→ **PROBLEM STATEMENT**: Every line of the entries below from the one containing "#24=CARTESIAN_POINT('',(4.12,42.,-0.495));" to the one containing "#63=ADVANCED_FACE('F167',(#51,#62),#40,.T.);", both ends included, must be written out exactly. No other line belongs in the answer.

==== GIVEN INFORMATION ====

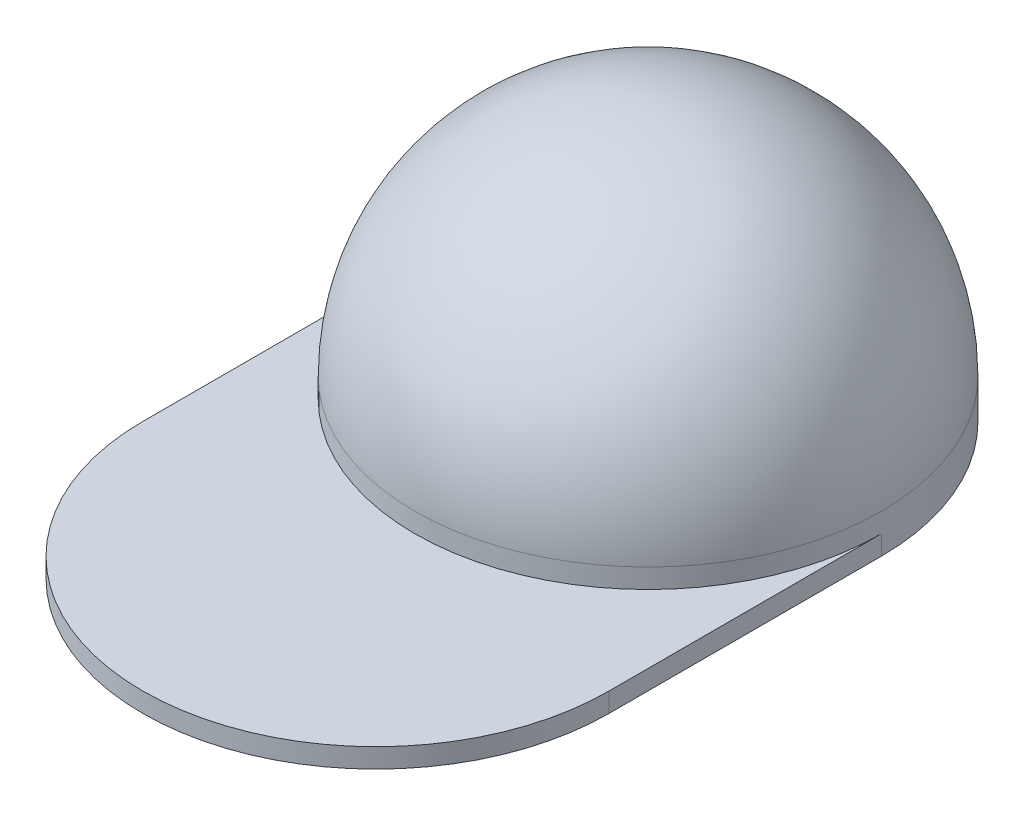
ISO-10303-21;
HEADER;
FILE_DESCRIPTION(('STEP AP214'),'2;1');
FILE_NAME('part.step','',(''),(''),'','','');
FILE_SCHEMA(('AUTOMOTIVE_DESIGN { 1 0 10303 214 1 1 1 1 }'));
ENDSEC;
DATA;
#1=APPLICATION_CONTEXT('core data for automotive mechanical design processes');
#2=APPLICATION_PROTOCOL_DEFINITION('international standard','automotive_design',2000,#1);
#3=PRODUCT_CONTEXT('',#1,'mechanical');
#4=PRODUCT('Part','Part','',(#3));
#5=PRODUCT_RELATED_PRODUCT_CATEGORY('part','',(#4));
#6=PRODUCT_DEFINITION_FORMATION('','',#4);
#7=PRODUCT_DEFINITION_CONTEXT('part definition',#1,'design');
#8=PRODUCT_DEFINITION('design','',#6,#7);
#9=PRODUCT_DEFINITION_SHAPE('','',#8);
#10=(LENGTH_UNIT() NAMED_UNIT(*) SI_UNIT(.MILLI.,.METRE.));
#11=(NAMED_UNIT(*) PLANE_ANGLE_UNIT() SI_UNIT($,.RADIAN.));
#12=(NAMED_UNIT(*) SI_UNIT($,.STERADIAN.) SOLID_ANGLE_UNIT());
#13=UNCERTAINTY_MEASURE_WITH_UNIT(LENGTH_MEASURE(1.E-05),#10,'distance_accuracy_value','');
#14=(GEOMETRIC_REPRESENTATION_CONTEXT(3) GLOBAL_UNCERTAINTY_ASSIGNED_CONTEXT((#13)) GLOBAL_UNIT_ASSIGNED_CONTEXT((#10,
#11,#12)) REPRESENTATION_CONTEXT('',''));
#15=CARTESIAN_POINT('',(0.,0.,0.));
#16=DIRECTION('',(0.,0.,1.));
#17=DIRECTION('',(1.,0.,0.));
#18=AXIS2_PLACEMENT_3D('',#15,#16,#17);
#19=CARTESIAN_POINT('',(4.12,42.,-0.495));
#20=DIRECTION('',(0.,1.,0.));
#21=DIRECTION('',(1.,0.,0.));
#22=AXIS2_PLACEMENT_3D('',#19,#20,#21);
#23=PLANE('',#22);
#24=CARTESIAN_POINT('',(4.12,42.,-0.495));
#25=DIRECTION('',(0.,1.,0.));
#26=DIRECTION('',(-1.,0.,0.));
#27=AXIS2_PLACEMENT_3D('',#24,#25,#26);
#28=CIRCLE('',#27,2.);
#29=CARTESIAN_POINT('',(2.12,42.,-0.495));
#30=VERTEX_POINT('',#29);
#31=EDGE_CURVE('E68',#30,#30,#28,.T.);
#32=ORIENTED_EDGE('',*,*,#31,.F.);
#33=EDGE_LOOP('',(#32));
#34=FACE_BOUND('',#33,.T.);
#35=ADVANCED_FACE('F19',(#34),#23,.F.);
#36=CARTESIAN_POINT('',(4.12,39.5,-0.495));
#37=DIRECTION('',(0.,-1.,0.));
#38=DIRECTION('',(0.,0.,-1.));
#39=AXIS2_PLACEMENT_3D('',#36,#37,#38);
#40=PLANE('',#39);
#41=CARTESIAN_POINT('',(4.12,39.5,-0.495));
#42=DIRECTION('',(0.,-1.,0.));
#43=DIRECTION('',(1.,0.,0.));
#44=AXIS2_PLACEMENT_3D('',#41,#42,#43);
#45=CIRCLE('',#44,2.);
#46=CARTESIAN_POINT('',(6.12,39.5,-0.495));
#47=VERTEX_POINT('',#46);
#48=EDGE_CURVE('E76',#47,#47,#45,.T.);
#49=ORIENTED_EDGE('',*,*,#48,.F.);
#50=EDGE_LOOP('',(#49));
#51=FACE_BOUND('',#50,.T.);
#52=CARTESIAN_POINT('',(4.12,39.5,-0.495));
#53=DIRECTION('',(0.,-1.,0.));
#54=DIRECTION('',(1.,0.,0.));
#55=AXIS2_PLACEMENT_3D('',#52,#53,#54);
#56=CIRCLE('',#55,3.);
#57=CARTESIAN_POINT('',(1.12,39.5,-0.495));
#58=VERTEX_POINT('',#57);
#59=EDGE_CURVE('E22',#58,#58,#56,.T.);
#60=ORIENTED_EDGE('',*,*,#59,.T.);
#61=EDGE_LOOP('',(#60));
#62=FACE_BOUND('',#61,.T.);
#63=ADVANCED_FACE('F167',(#51,#62),#40,.T.);
#64=CARTESIAN_POINT('',(4.12,36.5,-0.495000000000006));
#65=DIRECTION('',(0.,1.,0.));
#66=DIRECTION('',(1.,0.,0.));
#67=AXIS2_PLACEMENT_3D('',#64,#65,#66);
#68=PLANE('',#67);
#69=CARTESIAN_POINT('',(4.12,36.5,-0.495000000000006));
#70=DIRECTION('',(0.,1.,0.));
#71=DIRECTION('',(0.,0.,1.));
#72=AXIS2_PLACEMENT_3D('',#69,#70,#71);
#73=CIRCLE('',#72,5.99814810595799);
#74=CARTESIAN_POINT('',(-1.87814810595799,36.5,-0.495));
#75=VERTEX_POINT('',#74);
#76=CARTESIAN_POINT('',(10.118148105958,36.5,-0.495));
#77=VERTEX_POINT('',#76);
#78=EDGE_CURVE('E122',#75,#77,#73,.T.);
#79=ORIENTED_EDGE('',*,*,#78,.F.);
#80=DIRECTION('',(0.,0.,-1.));
#81=VECTOR('',#80,1.);
#82=CARTESIAN_POINT('',(-1.87814810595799,36.5,-0.495));
#83=LINE('',#82,#81);
#84=CARTESIAN_POINT('',(-1.87814810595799,36.5,6.505));
#85=VERTEX_POINT('',#84);
#86=EDGE_CURVE('E95',#85,#75,#83,.T.);
#87=ORIENTED_EDGE('',*,*,#86,.F.);
#88=CARTESIAN_POINT('',(4.12,36.5,6.505));
#89=DIRECTION('',(0.,-1.,0.));
#90=DIRECTION('',(0.,0.,1.));
#91=AXIS2_PLACEMENT_3D('',#88,#89,#90);
#92=CIRCLE('',#91,5.99814810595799);
#93=CARTESIAN_POINT('',(10.118148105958,36.5,6.505));
#94=VERTEX_POINT('',#93);
#95=EDGE_CURVE('E29',#94,#85,#92,.T.);
#96=ORIENTED_EDGE('',*,*,#95,.F.);
#97=DIRECTION('',(0.,0.,1.));
#98=VECTOR('',#97,1.);
#99=CARTESIAN_POINT('',(10.118148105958,36.5,6.505));
#100=LINE('',#99,#98);
#101=EDGE_CURVE('E11',#77,#94,#100,.T.);
#102=ORIENTED_EDGE('',*,*,#101,.F.);
#103=EDGE_LOOP('',(#79,#87,#96,#102));
#104=FACE_BOUND('',#103,.T.);
#105=ADVANCED_FACE('F172',(#104),#68,.T.);
#106=CARTESIAN_POINT('',(10.118148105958,36.5,6.505));
#107=DIRECTION('',(1.,0.,0.));
#108=DIRECTION('',(0.,1.,0.));
#109=AXIS2_PLACEMENT_3D('',#106,#107,#108);
#110=PLANE('',#109);
#111=DIRECTION('',(0.,0.,1.));
#112=VECTOR('',#111,1.);
#113=CARTESIAN_POINT('',(10.118148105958,36.,6.505));
#114=LINE('',#113,#112);
#115=CARTESIAN_POINT('',(10.118148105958,36.,-0.495));
#116=VERTEX_POINT('',#115);
#117=CARTESIAN_POINT('',(10.118148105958,36.,6.505));
#118=VERTEX_POINT('',#117);
#119=EDGE_CURVE('E107',#116,#118,#114,.T.);
#120=ORIENTED_EDGE('',*,*,#119,.F.);
#121=DIRECTION('',(0.,-1.,0.));
#122=VECTOR('',#121,1.);
#123=CARTESIAN_POINT('',(10.118148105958,36.5,-0.495));
#124=LINE('',#123,#122);
#125=EDGE_CURVE('E89',#77,#116,#124,.T.);
#126=ORIENTED_EDGE('',*,*,#125,.F.);
#127=ORIENTED_EDGE('',*,*,#101,.T.);
#128=DIRECTION('',(0.,-1.,0.));
#129=VECTOR('',#128,1.);
#130=CARTESIAN_POINT('',(10.118148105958,36.5,6.505));
#131=LINE('',#130,#129);
#132=EDGE_CURVE('E99',#94,#118,#131,.T.);
#133=ORIENTED_EDGE('',*,*,#132,.T.);
#134=EDGE_LOOP('',(#120,#126,#127,#133));
#135=FACE_BOUND('',#134,.T.);
#136=ADVANCED_FACE('F177',(#135),#110,.T.);
#137=CARTESIAN_POINT('',(4.12,36.5,6.505));
#138=DIRECTION('',(0.,-1.,0.));
#139=DIRECTION('',(0.,0.,-1.));
#140=AXIS2_PLACEMENT_3D('',#137,#138,#139);
#141=CYLINDRICAL_SURFACE('',#140,5.99814810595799);
#142=CARTESIAN_POINT('',(4.12,36.,6.505));
#143=DIRECTION('',(0.,-1.,0.));
#144=DIRECTION('',(0.,0.,1.));
#145=AXIS2_PLACEMENT_3D('',#142,#143,#144);
#146=CIRCLE('',#145,5.99814810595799);
#147=CARTESIAN_POINT('',(-1.87814810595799,36.,6.505));
#148=VERTEX_POINT('',#147);
#149=EDGE_CURVE('E118',#118,#148,#146,.T.);
#150=ORIENTED_EDGE('',*,*,#149,.F.);
#151=ORIENTED_EDGE('',*,*,#132,.F.);
#152=ORIENTED_EDGE('',*,*,#95,.T.);
#153=DIRECTION('',(0.,-1.,0.));
#154=VECTOR('',#153,1.);
#155=CARTESIAN_POINT('',(-1.87814810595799,36.5,6.505));
#156=LINE('',#155,#154);
#157=EDGE_CURVE('E100',#85,#148,#156,.T.);
#158=ORIENTED_EDGE('',*,*,#157,.T.);
#159=EDGE_LOOP('',(#150,#151,#152,#158));
#160=FACE_BOUND('',#159,.T.);
#161=ADVANCED_FACE('F187',(#160),#141,.T.);
#162=CARTESIAN_POINT('',(-1.87814810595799,36.5,-0.495));
#163=DIRECTION('',(-1.,0.,0.));
#164=DIRECTION('',(0.,0.,1.));
#165=AXIS2_PLACEMENT_3D('',#162,#163,#164);
#166=PLANE('',#165);
#167=DIRECTION('',(0.,0.,-1.));
#168=VECTOR('',#167,1.);
#169=CARTESIAN_POINT('',(-1.87814810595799,36.,-0.495));
#170=LINE('',#169,#168);
#171=CARTESIAN_POINT('',(-1.87814810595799,36.,-0.495));
#172=VERTEX_POINT('',#171);
#173=EDGE_CURVE('E112',#148,#172,#170,.T.);
#174=ORIENTED_EDGE('',*,*,#173,.F.);
#175=ORIENTED_EDGE('',*,*,#157,.F.);
#176=ORIENTED_EDGE('',*,*,#86,.T.);
#177=DIRECTION('',(0.,-1.,0.));
#178=VECTOR('',#177,1.);
#179=CARTESIAN_POINT('',(-1.87814810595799,36.5,-0.495));
#180=LINE('',#179,#178);
#181=EDGE_CURVE('E126',#75,#172,#180,.T.);
#182=ORIENTED_EDGE('',*,*,#181,.T.);
#183=EDGE_LOOP('',(#174,#175,#176,#182));
#184=FACE_BOUND('',#183,.T.);
#185=ADVANCED_FACE('F160',(#184),#166,.T.);
#186=CARTESIAN_POINT('',(9.11814810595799,36.,-0.495));
#187=DIRECTION('',(0.,1.,0.));
#188=DIRECTION('',(1.,0.,0.));
#189=AXIS2_PLACEMENT_3D('',#186,#187,#188);
#190=PLANE('',#189);
#191=CARTESIAN_POINT('',(4.12,36.,-0.495));
#192=DIRECTION('',(0.,1.,0.));
#193=DIRECTION('',(-1.,0.,0.));
#194=AXIS2_PLACEMENT_3D('',#191,#192,#193);
#195=CIRCLE('',#194,4.99814810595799);
#196=CARTESIAN_POINT('',(-0.878148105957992,36.,-0.495));
#197=VERTEX_POINT('',#196);
#198=EDGE_CURVE('E90',#197,#197,#195,.T.);
#199=ORIENTED_EDGE('',*,*,#198,.T.);
#200=EDGE_LOOP('',(#199));
#201=FACE_BOUND('',#200,.T.);
#202=CARTESIAN_POINT('',(4.12,36.,-0.495));
#203=DIRECTION('',(0.,1.,0.));
#204=DIRECTION('',(-1.,0.,0.));
#205=AXIS2_PLACEMENT_3D('',#202,#203,#204);
#206=CIRCLE('',#205,5.99814810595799);
#207=EDGE_CURVE('E108',#116,#172,#206,.T.);
#208=ORIENTED_EDGE('',*,*,#207,.F.);
#209=ORIENTED_EDGE('',*,*,#119,.T.);
#210=ORIENTED_EDGE('',*,*,#149,.T.);
#211=ORIENTED_EDGE('',*,*,#173,.T.);
#212=EDGE_LOOP('',(#208,#209,#210,#211));
#213=FACE_BOUND('',#212,.T.);
#214=ADVANCED_FACE('F149',(#201,#213),#190,.F.);
#215=CARTESIAN_POINT('',(4.12,37.1460575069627,-0.495));
#216=DIRECTION('',(0.,1.,0.));
#217=DIRECTION('',(1.,0.,0.));
#218=AXIS2_PLACEMENT_3D('',#215,#216,#217);
#219=DEGENERATE_TOROIDAL_SURFACE('',#218,0.426586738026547,5.42670074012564,.F.);
#220=CARTESIAN_POINT('',(4.12,41.3540955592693,-0.495));
#221=DIRECTION('',(0.,-1.,0.));
#222=DIRECTION('',(1.,0.,0.));
#223=AXIS2_PLACEMENT_3D('',#220,#221,#222);
#224=CIRCLE('',#223,3.);
#225=CARTESIAN_POINT('',(1.12,41.3540955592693,-0.495));
#226=VERTEX_POINT('',#225);
#227=EDGE_CURVE('E94',#226,#226,#224,.T.);
#228=ORIENTED_EDGE('',*,*,#227,.F.);
#229=EDGE_LOOP('',(#228));
#230=FACE_BOUND('',#229,.T.);
#231=CARTESIAN_POINT('',(4.12,37.,-0.495));
#232=DIRECTION('',(0.,1.,0.));
#233=DIRECTION('',(-1.,0.,0.));
#234=AXIS2_PLACEMENT_3D('',#231,#232,#233);
#235=CIRCLE('',#234,4.99814810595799);
#236=CARTESIAN_POINT('',(-0.878148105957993,37.,-0.495));
#237=VERTEX_POINT('',#236);
#238=EDGE_CURVE('E93',#237,#237,#235,.T.);
#239=ORIENTED_EDGE('',*,*,#238,.F.);
#240=EDGE_LOOP('',(#239));
#241=FACE_BOUND('',#240,.T.);
#242=ADVANCED_FACE('F146',(#230,#241),#219,.T.);
#243=CARTESIAN_POINT('',(4.12,37.,-0.495));
#244=DIRECTION('',(0.,0.,-1.));
#245=DIRECTION('',(1.,0.,0.));
#246=AXIS2_PLACEMENT_3D('',#243,#244,#245);
#247=SPHERICAL_SURFACE('',#246,5.99814810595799);
#248=CARTESIAN_POINT('',(4.12,37.,-0.495));
#249=DIRECTION('',(0.,1.,0.));
#250=DIRECTION('',(-1.,0.,0.));
#251=AXIS2_PLACEMENT_3D('',#248,#249,#250);
#252=SPHERICAL_SURFACE('',#251,5.99814810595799);
#253=CARTESIAN_POINT('',(4.12,37.,-0.495));
#254=DIRECTION('',(0.,1.,0.));
#255=DIRECTION('',(-1.,0.,0.));
#256=AXIS2_PLACEMENT_3D('',#253,#254,#255);
#257=CIRCLE('',#256,5.99814810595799);
#258=CARTESIAN_POINT('',(-1.87814810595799,37.,-0.495));
#259=VERTEX_POINT('',#258);
#260=EDGE_CURVE('E103',#259,#259,#257,.T.);
#261=ORIENTED_EDGE('',*,*,#260,.T.);
#262=EDGE_LOOP('',(#261));
#263=FACE_BOUND('',#262,.T.);
#264=ADVANCED_FACE('F148',(#263),#252,.T.);
#265=CARTESIAN_POINT('',(4.12,42.998148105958,-0.495));
#266=DIRECTION('',(0.,1.,0.));
#267=DIRECTION('',(-1.,0.,0.));
#268=AXIS2_PLACEMENT_3D('',#265,#266,#267);
#269=CYLINDRICAL_SURFACE('',#268,5.99814810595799);
#270=ORIENTED_EDGE('',*,*,#260,.F.);
#271=EDGE_LOOP('',(#270));
#272=FACE_BOUND('',#271,.T.);
#273=ORIENTED_EDGE('',*,*,#181,.F.);
#274=ORIENTED_EDGE('',*,*,#78,.T.);
#275=ORIENTED_EDGE('',*,*,#125,.T.);
#276=ORIENTED_EDGE('',*,*,#207,.T.);
#277=EDGE_LOOP('',(#273,#274,#275,#276));
#278=FACE_BOUND('',#277,.T.);
#279=ADVANCED_FACE('F157',(#272,#278),#269,.T.);
#280=CARTESIAN_POINT('',(4.12,42.998148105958,-0.495));
#281=DIRECTION('',(0.,1.,0.));
#282=DIRECTION('',(-1.,0.,0.));
#283=AXIS2_PLACEMENT_3D('',#280,#281,#282);
#284=CYLINDRICAL_SURFACE('',#283,4.99814810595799);
#285=ORIENTED_EDGE('',*,*,#238,.T.);
#286=EDGE_LOOP('',(#285));
#287=FACE_BOUND('',#286,.T.);
#288=ORIENTED_EDGE('',*,*,#198,.F.);
#289=EDGE_LOOP('',(#288));
#290=FACE_BOUND('',#289,.T.);
#291=ADVANCED_FACE('F143',(#287,#290),#284,.F.);
#292=CARTESIAN_POINT('',(4.12,39.5,-0.495));
#293=DIRECTION('',(0.,1.,0.));
#294=DIRECTION('',(-1.,0.,0.));
#295=AXIS2_PLACEMENT_3D('',#292,#293,#294);
#296=CYLINDRICAL_SURFACE('',#295,3.);
#297=ORIENTED_EDGE('',*,*,#227,.T.);
#298=EDGE_LOOP('',(#297));
#299=FACE_BOUND('',#298,.T.);
#300=ORIENTED_EDGE('',*,*,#59,.F.);
#301=EDGE_LOOP('',(#300));
#302=FACE_BOUND('',#301,.T.);
#303=ADVANCED_FACE('F182',(#299,#302),#296,.T.);
#304=CARTESIAN_POINT('',(4.12,39.5,-0.495));
#305=DIRECTION('',(0.,1.,0.));
#306=DIRECTION('',(-1.,0.,0.));
#307=AXIS2_PLACEMENT_3D('',#304,#305,#306);
#308=CYLINDRICAL_SURFACE('',#307,2.);
#309=ORIENTED_EDGE('',*,*,#31,.T.);
#310=EDGE_LOOP('',(#309));
#311=FACE_BOUND('',#310,.T.);
#312=ORIENTED_EDGE('',*,*,#48,.T.);
#313=EDGE_LOOP('',(#312));
#314=FACE_BOUND('',#313,.T.);
#315=ADVANCED_FACE('F77',(#311,#314),#308,.F.);
#316=CLOSED_SHELL('',(#35,#63,#105,#136,#161,#185,#214,#242,#264,#279,#291,#303,#315));
#317=MANIFOLD_SOLID_BREP('B1',#316);
#318=ADVANCED_BREP_SHAPE_REPRESENTATION('',(#18,#317),#14);
#319=SHAPE_DEFINITION_REPRESENTATION(#9,#318);
ENDSEC;
END-ISO-10303-21;

====

→ **EXERCISE RESPONSE**:
#24=CARTESIAN_POINT('',(4.12,42.,-0.495));
#25=DIRECTION('',(0.,1.,0.));
#26=DIRECTION('',(-1.,0.,0.));
#27=AXIS2_PLACEMENT_3D('',#24,#25,#26);
#28=CIRCLE('',#27,2.);
#29=CARTESIAN_POINT('',(2.12,42.,-0.495));
#30=VERTEX_POINT('',#29);
#31=EDGE_CURVE('E68',#30,#30,#28,.T.);
#32=ORIENTED_EDGE('',*,*,#31,.F.);
#33=EDGE_LOOP('',(#32));
#34=FACE_BOUND('',#33,.T.);
#35=ADVANCED_FACE('F19',(#34),#23,.F.);
#36=CARTESIAN_POINT('',(4.12,39.5,-0.495));
#37=DIRECTION('',(0.,-1.,0.));
#38=DIRECTION('',(0.,0.,-1.));
#39=AXIS2_PLACEMENT_3D('',#36,#37,#38);
#40=PLANE('',#39);
#41=CARTESIAN_POINT('',(4.12,39.5,-0.495));
#42=DIRECTION('',(0.,-1.,0.));
#43=DIRECTION('',(1.,0.,0.));
#44=AXIS2_PLACEMENT_3D('',#41,#42,#43);
#45=CIRCLE('',#44,2.);
#46=CARTESIAN_POINT('',(6.12,39.5,-0.495));
#47=VERTEX_POINT('',#46);
#48=EDGE_CURVE('E76',#47,#47,#45,.T.);
#49=ORIENTED_EDGE('',*,*,#48,.F.);
#50=EDGE_LOOP('',(#49));
#51=FACE_BOUND('',#50,.T.);
#52=CARTESIAN_POINT('',(4.12,39.5,-0.495));
#53=DIRECTION('',(0.,-1.,0.));
#54=DIRECTION('',(1.,0.,0.));
#55=AXIS2_PLACEMENT_3D('',#52,#53,#54);
#56=CIRCLE('',#55,3.);
#57=CARTESIAN_POINT('',(1.12,39.5,-0.495));
#58=VERTEX_POINT('',#57);
#59=EDGE_CURVE('E22',#58,#58,#56,.T.);
#60=ORIENTED_EDGE('',*,*,#59,.T.);
#61=EDGE_LOOP('',(#60));
#62=FACE_BOUND('',#61,.T.);
#63=ADVANCED_FACE('F167',(#51,#62),#40,.T.);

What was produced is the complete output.